WHAT IS REQUIRED:
Within the entries below, every line containing "symbol" is to be copied.

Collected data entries

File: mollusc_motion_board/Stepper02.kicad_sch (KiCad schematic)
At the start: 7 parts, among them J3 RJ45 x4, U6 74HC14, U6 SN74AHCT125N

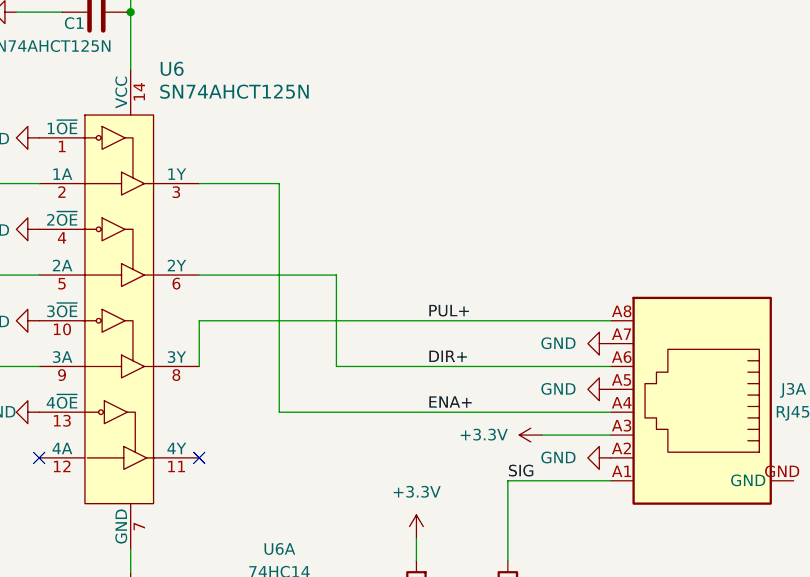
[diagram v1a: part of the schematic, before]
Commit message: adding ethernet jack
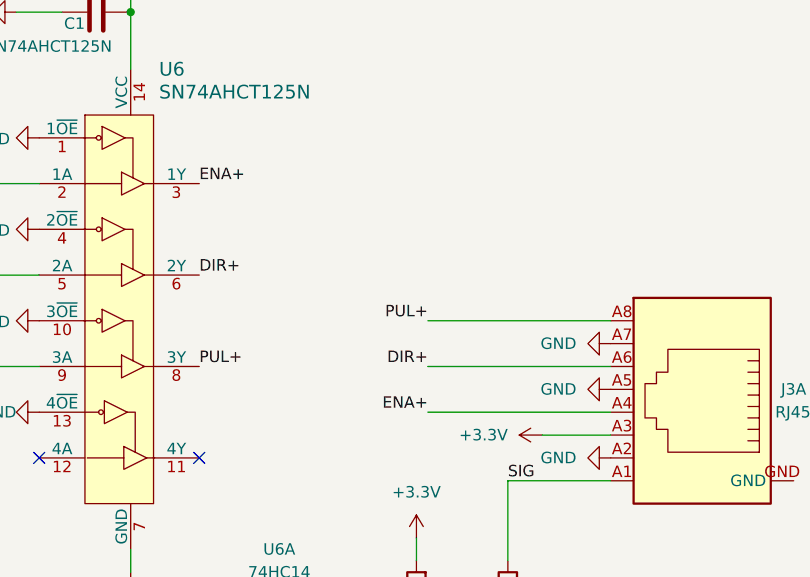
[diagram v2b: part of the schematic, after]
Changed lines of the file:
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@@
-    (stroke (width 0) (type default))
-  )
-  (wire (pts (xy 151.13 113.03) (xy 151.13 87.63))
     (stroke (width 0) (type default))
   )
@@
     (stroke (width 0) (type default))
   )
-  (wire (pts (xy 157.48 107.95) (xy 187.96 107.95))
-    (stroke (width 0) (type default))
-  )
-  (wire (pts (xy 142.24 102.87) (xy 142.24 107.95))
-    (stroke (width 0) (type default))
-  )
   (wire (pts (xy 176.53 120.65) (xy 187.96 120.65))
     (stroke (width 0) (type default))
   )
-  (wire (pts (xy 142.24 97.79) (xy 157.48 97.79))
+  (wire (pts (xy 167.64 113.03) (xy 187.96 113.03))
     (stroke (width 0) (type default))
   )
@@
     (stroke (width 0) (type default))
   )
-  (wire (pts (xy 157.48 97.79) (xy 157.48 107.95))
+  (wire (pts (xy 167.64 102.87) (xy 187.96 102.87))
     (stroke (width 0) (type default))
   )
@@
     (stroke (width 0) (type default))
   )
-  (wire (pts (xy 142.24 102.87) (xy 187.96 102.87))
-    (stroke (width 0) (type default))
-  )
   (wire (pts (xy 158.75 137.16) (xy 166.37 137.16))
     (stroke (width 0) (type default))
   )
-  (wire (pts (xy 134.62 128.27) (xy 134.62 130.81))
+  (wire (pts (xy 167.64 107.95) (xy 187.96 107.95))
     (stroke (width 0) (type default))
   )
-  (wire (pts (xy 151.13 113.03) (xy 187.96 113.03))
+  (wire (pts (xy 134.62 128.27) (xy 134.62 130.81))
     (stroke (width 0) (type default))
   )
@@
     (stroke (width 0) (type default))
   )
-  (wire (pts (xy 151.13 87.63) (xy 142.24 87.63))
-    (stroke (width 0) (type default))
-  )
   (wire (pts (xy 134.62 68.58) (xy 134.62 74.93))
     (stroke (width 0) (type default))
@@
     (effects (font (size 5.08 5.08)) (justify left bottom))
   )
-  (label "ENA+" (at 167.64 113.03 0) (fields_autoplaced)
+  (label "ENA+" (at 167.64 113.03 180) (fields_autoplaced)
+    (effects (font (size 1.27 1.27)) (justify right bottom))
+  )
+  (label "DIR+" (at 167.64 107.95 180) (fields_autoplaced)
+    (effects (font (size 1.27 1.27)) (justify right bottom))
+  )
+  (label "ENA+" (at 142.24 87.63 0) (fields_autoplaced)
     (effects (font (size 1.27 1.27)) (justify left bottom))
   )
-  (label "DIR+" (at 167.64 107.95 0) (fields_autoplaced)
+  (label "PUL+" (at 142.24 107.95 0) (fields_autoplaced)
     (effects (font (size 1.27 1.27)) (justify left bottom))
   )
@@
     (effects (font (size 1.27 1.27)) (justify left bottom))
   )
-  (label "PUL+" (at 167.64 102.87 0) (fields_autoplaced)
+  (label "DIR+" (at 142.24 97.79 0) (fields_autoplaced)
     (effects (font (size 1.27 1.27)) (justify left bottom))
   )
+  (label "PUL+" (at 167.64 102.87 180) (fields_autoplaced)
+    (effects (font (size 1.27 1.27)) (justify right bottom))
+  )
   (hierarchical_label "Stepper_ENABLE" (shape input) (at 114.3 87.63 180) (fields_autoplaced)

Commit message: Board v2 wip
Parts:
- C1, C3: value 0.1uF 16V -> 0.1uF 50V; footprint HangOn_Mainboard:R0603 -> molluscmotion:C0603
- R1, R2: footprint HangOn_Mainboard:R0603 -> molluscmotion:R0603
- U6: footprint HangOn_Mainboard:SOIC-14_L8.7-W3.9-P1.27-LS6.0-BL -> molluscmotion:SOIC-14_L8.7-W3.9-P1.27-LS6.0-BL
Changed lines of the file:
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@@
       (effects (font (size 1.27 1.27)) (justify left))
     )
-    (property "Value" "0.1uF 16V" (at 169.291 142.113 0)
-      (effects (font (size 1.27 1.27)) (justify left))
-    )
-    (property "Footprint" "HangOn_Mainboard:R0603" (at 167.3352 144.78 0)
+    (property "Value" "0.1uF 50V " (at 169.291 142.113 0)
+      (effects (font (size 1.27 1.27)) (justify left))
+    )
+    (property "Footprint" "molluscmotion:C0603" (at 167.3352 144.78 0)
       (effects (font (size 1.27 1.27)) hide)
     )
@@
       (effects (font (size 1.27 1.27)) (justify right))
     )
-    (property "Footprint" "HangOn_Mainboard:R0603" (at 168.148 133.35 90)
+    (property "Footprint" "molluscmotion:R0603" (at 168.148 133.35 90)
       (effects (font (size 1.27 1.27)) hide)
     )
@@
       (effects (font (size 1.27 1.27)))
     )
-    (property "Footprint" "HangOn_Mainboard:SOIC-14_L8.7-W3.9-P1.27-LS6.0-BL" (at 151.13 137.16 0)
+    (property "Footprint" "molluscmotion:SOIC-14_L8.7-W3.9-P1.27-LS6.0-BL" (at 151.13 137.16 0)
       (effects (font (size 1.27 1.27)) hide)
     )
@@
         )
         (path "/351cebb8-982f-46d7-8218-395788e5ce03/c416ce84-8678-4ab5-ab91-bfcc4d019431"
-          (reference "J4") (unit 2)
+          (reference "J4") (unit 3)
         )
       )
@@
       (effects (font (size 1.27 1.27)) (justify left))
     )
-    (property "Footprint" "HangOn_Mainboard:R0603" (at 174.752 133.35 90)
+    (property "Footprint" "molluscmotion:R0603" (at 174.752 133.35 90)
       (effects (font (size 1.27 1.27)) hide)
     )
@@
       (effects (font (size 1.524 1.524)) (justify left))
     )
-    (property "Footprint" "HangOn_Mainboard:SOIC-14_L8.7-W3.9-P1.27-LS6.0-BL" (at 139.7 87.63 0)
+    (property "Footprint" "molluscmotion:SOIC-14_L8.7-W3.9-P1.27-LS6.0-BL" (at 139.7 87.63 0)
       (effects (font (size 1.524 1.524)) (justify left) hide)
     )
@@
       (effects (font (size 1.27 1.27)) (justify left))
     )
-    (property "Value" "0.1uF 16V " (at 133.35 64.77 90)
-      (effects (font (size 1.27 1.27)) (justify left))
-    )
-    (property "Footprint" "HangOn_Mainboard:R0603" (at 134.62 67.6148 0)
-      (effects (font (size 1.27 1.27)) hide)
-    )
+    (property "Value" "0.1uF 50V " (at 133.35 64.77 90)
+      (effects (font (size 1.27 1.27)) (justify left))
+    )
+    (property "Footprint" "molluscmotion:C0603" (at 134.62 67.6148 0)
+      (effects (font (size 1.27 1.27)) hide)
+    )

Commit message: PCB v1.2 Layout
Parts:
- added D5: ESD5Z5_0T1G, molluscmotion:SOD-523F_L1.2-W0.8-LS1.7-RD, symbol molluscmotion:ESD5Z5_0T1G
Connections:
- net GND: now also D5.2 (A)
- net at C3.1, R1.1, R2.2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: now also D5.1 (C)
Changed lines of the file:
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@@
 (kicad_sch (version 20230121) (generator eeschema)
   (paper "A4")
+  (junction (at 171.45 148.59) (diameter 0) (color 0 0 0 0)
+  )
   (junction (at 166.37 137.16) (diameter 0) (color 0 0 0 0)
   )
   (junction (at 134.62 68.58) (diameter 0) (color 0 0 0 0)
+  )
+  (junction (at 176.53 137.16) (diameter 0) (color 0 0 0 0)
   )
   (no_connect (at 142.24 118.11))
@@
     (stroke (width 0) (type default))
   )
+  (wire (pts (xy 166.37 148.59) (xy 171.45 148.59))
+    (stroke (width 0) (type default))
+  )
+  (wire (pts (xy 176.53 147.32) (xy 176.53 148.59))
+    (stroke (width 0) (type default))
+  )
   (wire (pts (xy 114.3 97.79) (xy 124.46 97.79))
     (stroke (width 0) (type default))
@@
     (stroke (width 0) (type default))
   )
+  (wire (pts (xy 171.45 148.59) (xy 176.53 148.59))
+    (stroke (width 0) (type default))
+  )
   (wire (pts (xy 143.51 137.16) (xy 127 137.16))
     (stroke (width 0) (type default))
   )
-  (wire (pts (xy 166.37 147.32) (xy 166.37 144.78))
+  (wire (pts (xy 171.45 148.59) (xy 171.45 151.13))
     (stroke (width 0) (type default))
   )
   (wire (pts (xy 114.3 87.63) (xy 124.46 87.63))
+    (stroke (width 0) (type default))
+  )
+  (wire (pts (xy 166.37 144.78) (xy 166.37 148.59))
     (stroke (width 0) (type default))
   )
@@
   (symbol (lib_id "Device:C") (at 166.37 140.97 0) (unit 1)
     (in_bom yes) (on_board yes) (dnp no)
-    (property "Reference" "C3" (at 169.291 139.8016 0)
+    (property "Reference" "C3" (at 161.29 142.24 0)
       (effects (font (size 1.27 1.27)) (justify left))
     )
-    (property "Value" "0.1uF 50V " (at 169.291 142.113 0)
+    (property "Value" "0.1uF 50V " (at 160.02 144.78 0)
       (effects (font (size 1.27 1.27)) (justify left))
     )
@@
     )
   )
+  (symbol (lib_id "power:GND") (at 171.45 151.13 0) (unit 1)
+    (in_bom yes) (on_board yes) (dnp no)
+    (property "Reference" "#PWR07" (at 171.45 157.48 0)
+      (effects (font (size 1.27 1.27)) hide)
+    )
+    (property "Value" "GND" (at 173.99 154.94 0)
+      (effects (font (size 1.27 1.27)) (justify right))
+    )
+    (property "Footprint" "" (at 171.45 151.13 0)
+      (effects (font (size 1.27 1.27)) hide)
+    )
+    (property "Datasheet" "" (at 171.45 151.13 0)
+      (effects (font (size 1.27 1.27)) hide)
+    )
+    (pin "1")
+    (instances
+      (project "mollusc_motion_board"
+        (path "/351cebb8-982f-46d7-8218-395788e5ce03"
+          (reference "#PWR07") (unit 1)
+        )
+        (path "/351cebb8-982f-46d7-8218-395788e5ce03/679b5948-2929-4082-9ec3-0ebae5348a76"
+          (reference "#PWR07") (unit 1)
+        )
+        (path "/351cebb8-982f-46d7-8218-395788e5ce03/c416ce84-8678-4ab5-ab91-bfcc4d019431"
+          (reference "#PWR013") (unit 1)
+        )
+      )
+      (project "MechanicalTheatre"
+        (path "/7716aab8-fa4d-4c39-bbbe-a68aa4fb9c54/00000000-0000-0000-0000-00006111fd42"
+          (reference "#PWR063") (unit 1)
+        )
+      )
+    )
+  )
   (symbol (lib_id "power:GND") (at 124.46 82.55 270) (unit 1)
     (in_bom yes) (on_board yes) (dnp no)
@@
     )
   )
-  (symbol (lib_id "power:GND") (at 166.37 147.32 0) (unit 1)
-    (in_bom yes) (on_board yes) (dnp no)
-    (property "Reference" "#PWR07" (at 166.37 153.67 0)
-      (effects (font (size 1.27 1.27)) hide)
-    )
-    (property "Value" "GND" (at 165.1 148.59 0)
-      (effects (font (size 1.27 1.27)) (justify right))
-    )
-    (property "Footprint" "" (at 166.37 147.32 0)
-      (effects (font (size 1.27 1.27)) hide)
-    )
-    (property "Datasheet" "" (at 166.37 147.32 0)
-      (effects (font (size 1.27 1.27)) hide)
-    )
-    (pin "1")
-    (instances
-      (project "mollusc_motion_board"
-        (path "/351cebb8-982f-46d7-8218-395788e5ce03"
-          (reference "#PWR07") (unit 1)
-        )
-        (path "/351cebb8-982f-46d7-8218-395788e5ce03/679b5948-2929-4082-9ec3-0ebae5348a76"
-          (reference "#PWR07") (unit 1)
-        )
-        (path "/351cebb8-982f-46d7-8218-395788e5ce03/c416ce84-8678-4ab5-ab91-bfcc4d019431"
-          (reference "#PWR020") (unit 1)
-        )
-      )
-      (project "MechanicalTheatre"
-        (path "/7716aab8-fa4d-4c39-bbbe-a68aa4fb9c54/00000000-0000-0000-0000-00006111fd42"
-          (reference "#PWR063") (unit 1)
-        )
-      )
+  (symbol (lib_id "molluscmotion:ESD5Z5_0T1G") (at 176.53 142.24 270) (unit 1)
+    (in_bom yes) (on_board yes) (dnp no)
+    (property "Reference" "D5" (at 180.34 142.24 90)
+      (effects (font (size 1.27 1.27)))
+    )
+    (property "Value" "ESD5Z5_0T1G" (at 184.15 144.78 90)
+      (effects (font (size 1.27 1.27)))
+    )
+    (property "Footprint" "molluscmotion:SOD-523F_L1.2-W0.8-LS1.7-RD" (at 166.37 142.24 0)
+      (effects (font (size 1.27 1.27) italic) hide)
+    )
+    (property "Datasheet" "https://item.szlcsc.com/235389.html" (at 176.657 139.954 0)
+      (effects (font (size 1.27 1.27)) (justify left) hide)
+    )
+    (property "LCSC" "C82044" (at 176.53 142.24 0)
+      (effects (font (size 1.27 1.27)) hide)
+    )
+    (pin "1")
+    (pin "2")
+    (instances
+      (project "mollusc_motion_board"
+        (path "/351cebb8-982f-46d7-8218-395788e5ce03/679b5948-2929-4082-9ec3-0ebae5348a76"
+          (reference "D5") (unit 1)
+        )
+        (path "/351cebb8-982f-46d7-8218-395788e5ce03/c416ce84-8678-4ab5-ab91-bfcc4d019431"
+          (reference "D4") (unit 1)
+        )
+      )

FINISHED EXERCISE:
- added D5: ESD5Z5_0T1G, molluscmotion:SOD-523F_L1.2-W0.8-LS1.7-RD, symbol molluscmotion:ESD5Z5_0T1G
   (symbol (lib_id "Device:C") (at 166.37 140.97 0) (unit 1)
+  (symbol (lib_id "power:GND") (at 171.45 151.13 0) (unit 1)
   (symbol (lib_id "power:GND") (at 124.46 82.55 270) (unit 1)
-  (symbol (lib_id "power:GND") (at 166.37 147.32 0) (unit 1)
+  (symbol (lib_id "molluscmotion:ESD5Z5_0T1G") (at 176.53 142.24 270) (unit 1)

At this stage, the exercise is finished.